The RDA pony I exercise doesn't wear a noseband when he's doing RDA work. With the headcollar underneath, it all gets a bit clunky. There's a cavesson noseband on the hook with his bridle, but I never bother sticking it on when I'm exercising him. 

Now, I've always been under the impression that a properly-fitted cavesson is purely there for the look of it but I've been getting disapproving comments from some liveries at the yard. The best reason they can come up with is that he shouldn't get used to working without a noseband, but it's got me wondering if there is a reason I should be using it.

The people actually in charge of the pony have no issue with me riding him without a noseband, btw, and I certainly don't need any more control on him. I'm just trying to figure out if it's purely people being interfering or if a cavesson does make any difference.


----------



## Moomin1 (21 March 2013)

Cavessons are purely for cosmetic purposes.


----------



## bonny (21 March 2013)

It doesn't make any difference and I wouldn't bother with it if you're not using it for the RDA work. People are just used to seeing bridles with nosebands but the horse won't care either way. My horses are ridden without nosebands.


----------



## Pippity (21 March 2013)

That's good to know!

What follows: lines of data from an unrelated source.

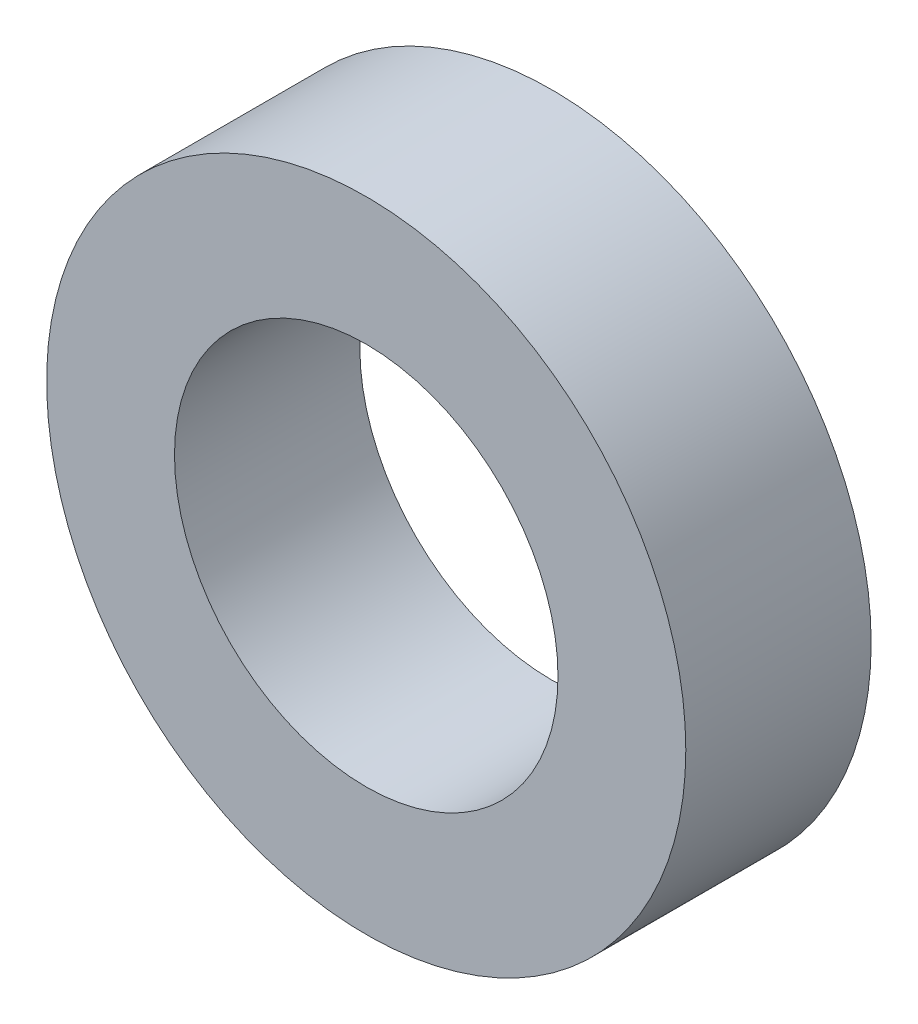
SolidWorks part; units mm, degrees
ref_plane "Front Plane" through (0, 0, 0) normal (0, 0, 1) x (1, 0, 0)
ref_plane "Top Plane" through (0, 0, 0) normal (0, 1, 0) x (1, 0, 0)
ref_plane "Right Plane" through (0, 0, 0) normal (1, 0, 0) x (0, 0, -1)
sketch "Sketch1" plane through (0, 0, 0) normal (0, 0, 1) x (1, 0, 0)
  circle A0 centre (0, 0) radius 3
  circle A1 centre (0, 0) radius 5
  dimension "D1" = 6
  dimension "D2" = 10
extrude "Boss-Extrude1" add sketch "Sketch1" along normal blind 2.9
equation "\"smallPulleyTeeth\"= 15"
equation "\"largePulleyTeeth\"= 30"
equation "\"eighthThick\"= 2.9mm"
equation "\"sixteenthThick\"= 1.7mm"
equation "\"quarterThick\"=5.9mm"
equation "\"OD\"= 145mm"
equation "\"puckAngle\"= 60.5deg"
equation "\"puckDiam\"= 76.5mm"
equation "\"axlePress\"= 5.9mm"
equation "\"press\"= 0.2mm"
equation "\"wheelClear\"= 0.3mm"
equation "\"10-32clear\"= 4.5mm"
equation "\"6-32clear\"= 3.3mm"
equation "\"8-32clear\"= 4.0mm"
equation "\"D1@Boss-Extrude1\"=\"eighthThick\""
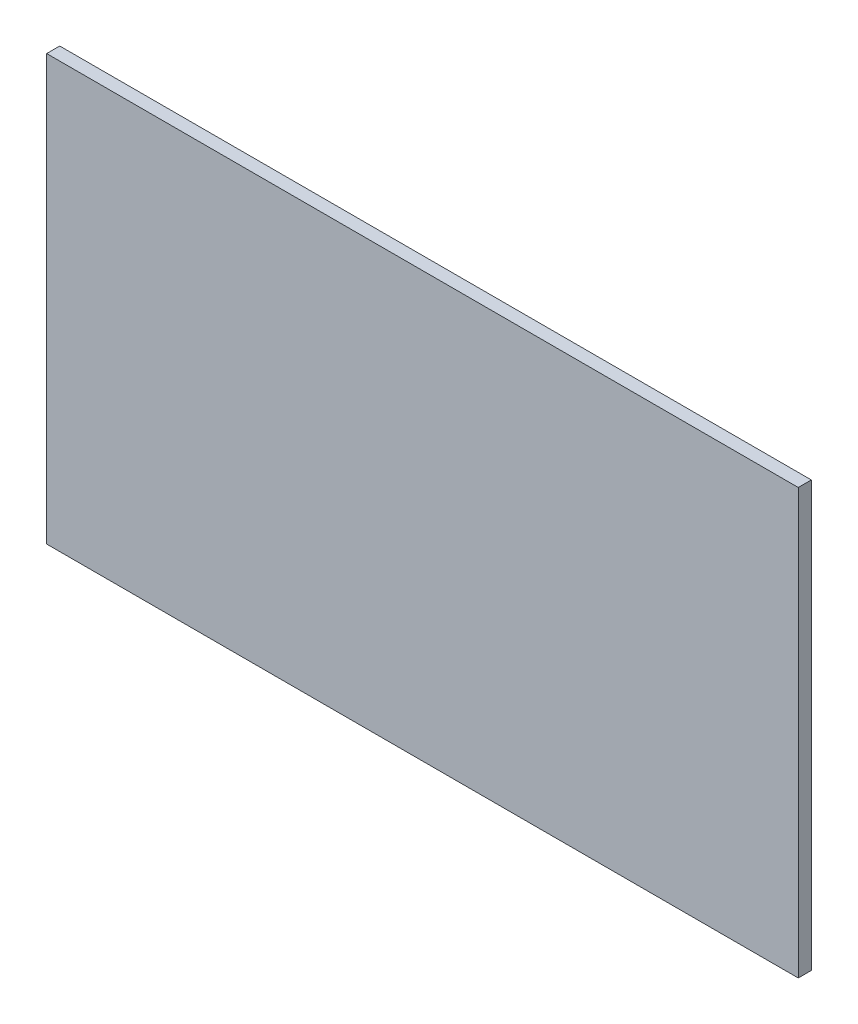
SolidWorks part; units mm, degrees
ref_plane "Alzado" through (0, 0, 0) normal (0, 0, 1) x (1, 0, 0)
ref_plane "Planta" through (0, 0, 0) normal (0, 1, 0) x (1, 0, 0)
ref_plane "Vista lateral" through (0, 0, 0) normal (1, 0, 0) x (0, 0, -1)
sketch "Croquis1" plane through (0, 0, 0) normal (0, 0, 1) x (1, 0, 0)
  line L1 (0, 0) -> (230, 0)
  line L2 (0, 0) -> (0, -130)
  line L3 (0, -130) -> (230, -130)
  line L4 (230, 0) -> (230, -130)
  dimension "D1" = 230
  dimension "D2" = 130
extrude "Saliente-Extruir1" add sketch "Croquis1" along normal blind 4
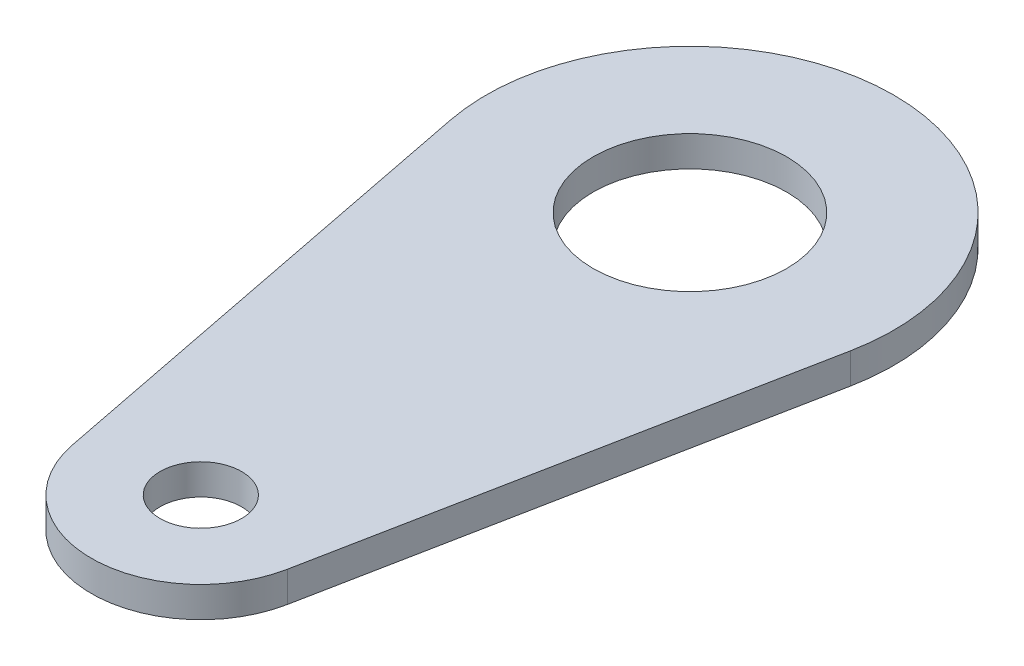
SolidWorks part; units mm, degrees
material "Galvanized Steel"
ref_plane "Front Plane" through (0, 0, 0) normal (0, 0, 1) x (1, 0, 0)
ref_plane "Top Plane" through (0, 0, 0) normal (0, 1, 0) x (1, 0, 0)
ref_plane "Right Plane" through (0, 0, 0) normal (1, 0, 0) x (0, 0, -1)
sketch "Sketch1" plane through (0, 0, 0) normal (0, 1, 0) x (1, 0, 0)
  line L0 (-13663.0749, 3210.0679) -> (-13663.075, 3198.068)
  line L1 (-13651.0749, 3210.0679) -> (-13663.0749, 3210.0679)
  line L2 (-13651.075, 3198.0679) -> (-13651.0749, 3210.0679)
  line L3 (-13663.075, 3198.068) -> (-13651.075, 3198.0679)
  line L4 (-13646.5196, 3154.0153) -> (-13637.4496, 3200.215)
  line L5 (-13667.6303, 3154.0153) -> (-13676.7003, 3200.215)
  arc A0 (-13637.4496, 3200.215) -> (-13676.7003, 3200.215) centre (-13657.0749, 3204.0679) ccw
  arc A1 (-13667.6303, 3154.0153) -> (-13646.5196, 3154.0153) centre (-13657.0749, 3156.0679) ccw
  circle A2 centre (-13657.0749, 3156.0679) radius 4
  circle A3 centre (-13657.0749, 3156.0679) radius 4
extrude "Boss-Extrude1" add sketch "Sketch1" along normal blind 3 contours L5 A1 L4 A0 A2 L3 L0 L1 L2
sketch "Sketch2" plane through (0, 0, 0) normal (0, -1, 0) x (1, 0, 0)
  line L3 (-13667.2249, -3214.2179) -> (-13646.9249, -3214.2179)
  line L4 (-13667.2249, -3214.2179) -> (-13667.2249, -3193.9179)
  line L5 (-13667.2249, -3193.9179) -> (-13646.9249, -3193.9179)
  line L6 (-13646.9249, -3214.2179) -> (-13646.9249, -3193.9179)
  point P8 (-13657.0749, -3204.0679)
  dimension "D1" = 20.3
  dimension "D2" = 20.3
sketch "Sketch3" plane through (0, 0, 0) normal (0, -1, 0) x (1, 0, 0)
  circle A0 centre (-13657.0749, -3204.0679) radius 9.5
  dimension "D1" = 19
extrude "Cut-Extrude3" cut sketch "Sketch3" against normal through all both and the other way through all
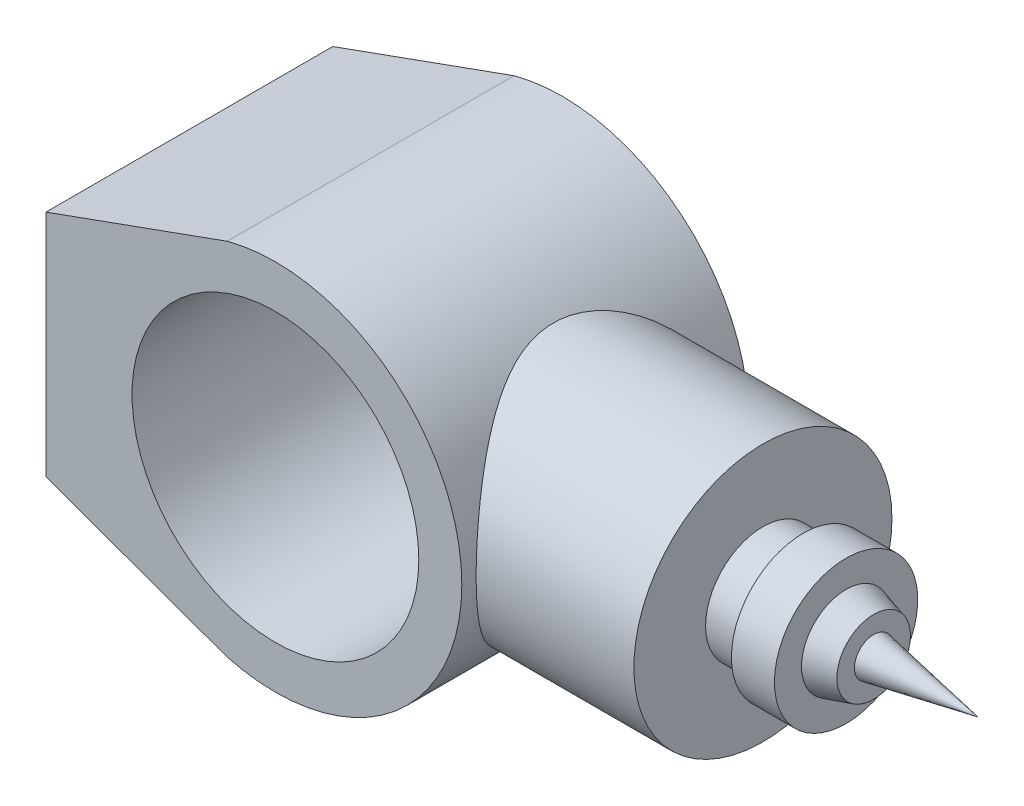
SolidWorks part; units mm, degrees
ref_plane "Front Plane" through (0, 0, 0) normal (0, 0, 1) x (1, 0, 0)
ref_plane "Top Plane" through (0, 0, 0) normal (0, 1, 0) x (1, 0, 0)
ref_plane "Right Plane" through (0, 0, 0) normal (1, 0, 0) x (0, 0, -1)
sketch "Sketch2" plane through (0, 0, 0) normal (0, 0, 1) x (1, 0, 0)
  line L0 (-80, -40) -> (-80, 40)
  line L1 (-80, 40) -> (-16.7748, 62.7981)
  line L2 (-80, -40) -> (-16.7748, -62.7981)
  arc A0 (-16.7748, -62.7981) -> (-16.7748, 62.7981) centre (0, 0) ccw
  circle A1 centre (0, 0) radius 50
  point P1 (0, 0)
  point P4 (0, 0)
  point P7 (-80, 0)
  point P11 (0, 0)
  dimension "D1" = 130
  dimension "D2" = 100
  dimension "D3" = 80
  dimension "D4" = 80
extrude "Boss-Extrude1" add sketch "Sketch2" along normal mid plane 100
ref_plane "Plane1" through (120, 0, 0) normal (1, 0, 0) x (0, 0, -1)
sketch "Sketch3" plane through (120, 0, 0) normal (1, 0, 0) x (0, 0, -1)
  circle A0 centre (0, 0) radius 45
  dimension "D1" = 90
extrude "Boss-Extrude2" add sketch "Sketch3" against normal up to next
sketch "Sketch4" plane through (0, 0, 0) normal (0, 0, 1) x (1, 0, 0)
  line L0 (0, 0) -> (211.8551, 0) construction
  line L1 (120, 0) -> (120, -20)
  line L2 (120, -55) -> (120, 55) construction
  line L3 (120, -20) -> (134, -20)
  line L4 (134, -20) -> (134, -25)
  line L5 (134, -25) -> (149, -25)
  line L6 (149, -25) -> (149, -15.5558)
  line L7 (149, -15.5558) -> (158.6185, -12.8201)
  line L8 (158.6185, -12.8201) -> (158.6185, -6.7371)
  line L9 (158.6185, -6.7371) -> (195, 0)
  line L10 (195, 0) -> (120, 0)
  dimension "D1" = 20
  dimension "D2" = 14
  dimension "D3" = 5
  dimension "D4" = 15
  dimension "D5" = 10
  dimension "D6" = 37
  dimension "D7" = 75
revolve "Revolve1" add sketch "Sketch4" angle 360 about L0

Especially as I'm so out of practice at bridling that an extra strap to deal with would probably add another ten minutes to whole thing.


----------



## POLLDARK (22 March 2013)

You need a cavesson to use a standing martingale. My boys don't need nosebands so only use them when competing. Less to clean !


----------



## HaffiesRock (22 March 2013)

My pony doesn't wear a noseband either. If fact i've just bought one for in hand showing and that's the only time i'll put it on him as I am lazy when it comes to tack!


----------



## Enfys (22 March 2013)

Aesthetic - to break up a long head, can do a lot for a big headed horse if the width is correct.

Practical - you need something to hang a standing martingale on  or those godawful flash straps.  Of course then if it is a crank (still a cavesson when all is said and done) then you  can winch it up and hold the jaw shut - nice.  Popular with dressagey types,  possibly not so popular with their poor horses


----------



## scheherazade (22 March 2013)

I'm sure I read somewhere that it was originally invented to prevent the horse breaking its jaw if it fell over cos it couldn't have the mouth hanging wide open? But I could have imagined that...


----------



## Tammytoo (22 March 2013)

scheherazade said:



			I'm sure I read somewhere that it was originally invented to prevent the horse breaking its jaw if it fell over cos it couldn't have the mouth hanging wide open? But I could have imagined that...
		
Click to expand...

I think I read that somewhere as well!  

Nowadays it's simply cosmetic and I only use one for the showring.  No point in having more weight on your horse's head than necessary.


----------



## mandwhy (23 March 2013)

I thought it was for if doing XC or something, the horse can't have its mouth wide open and potentially break its jaw if it takes a tumble? 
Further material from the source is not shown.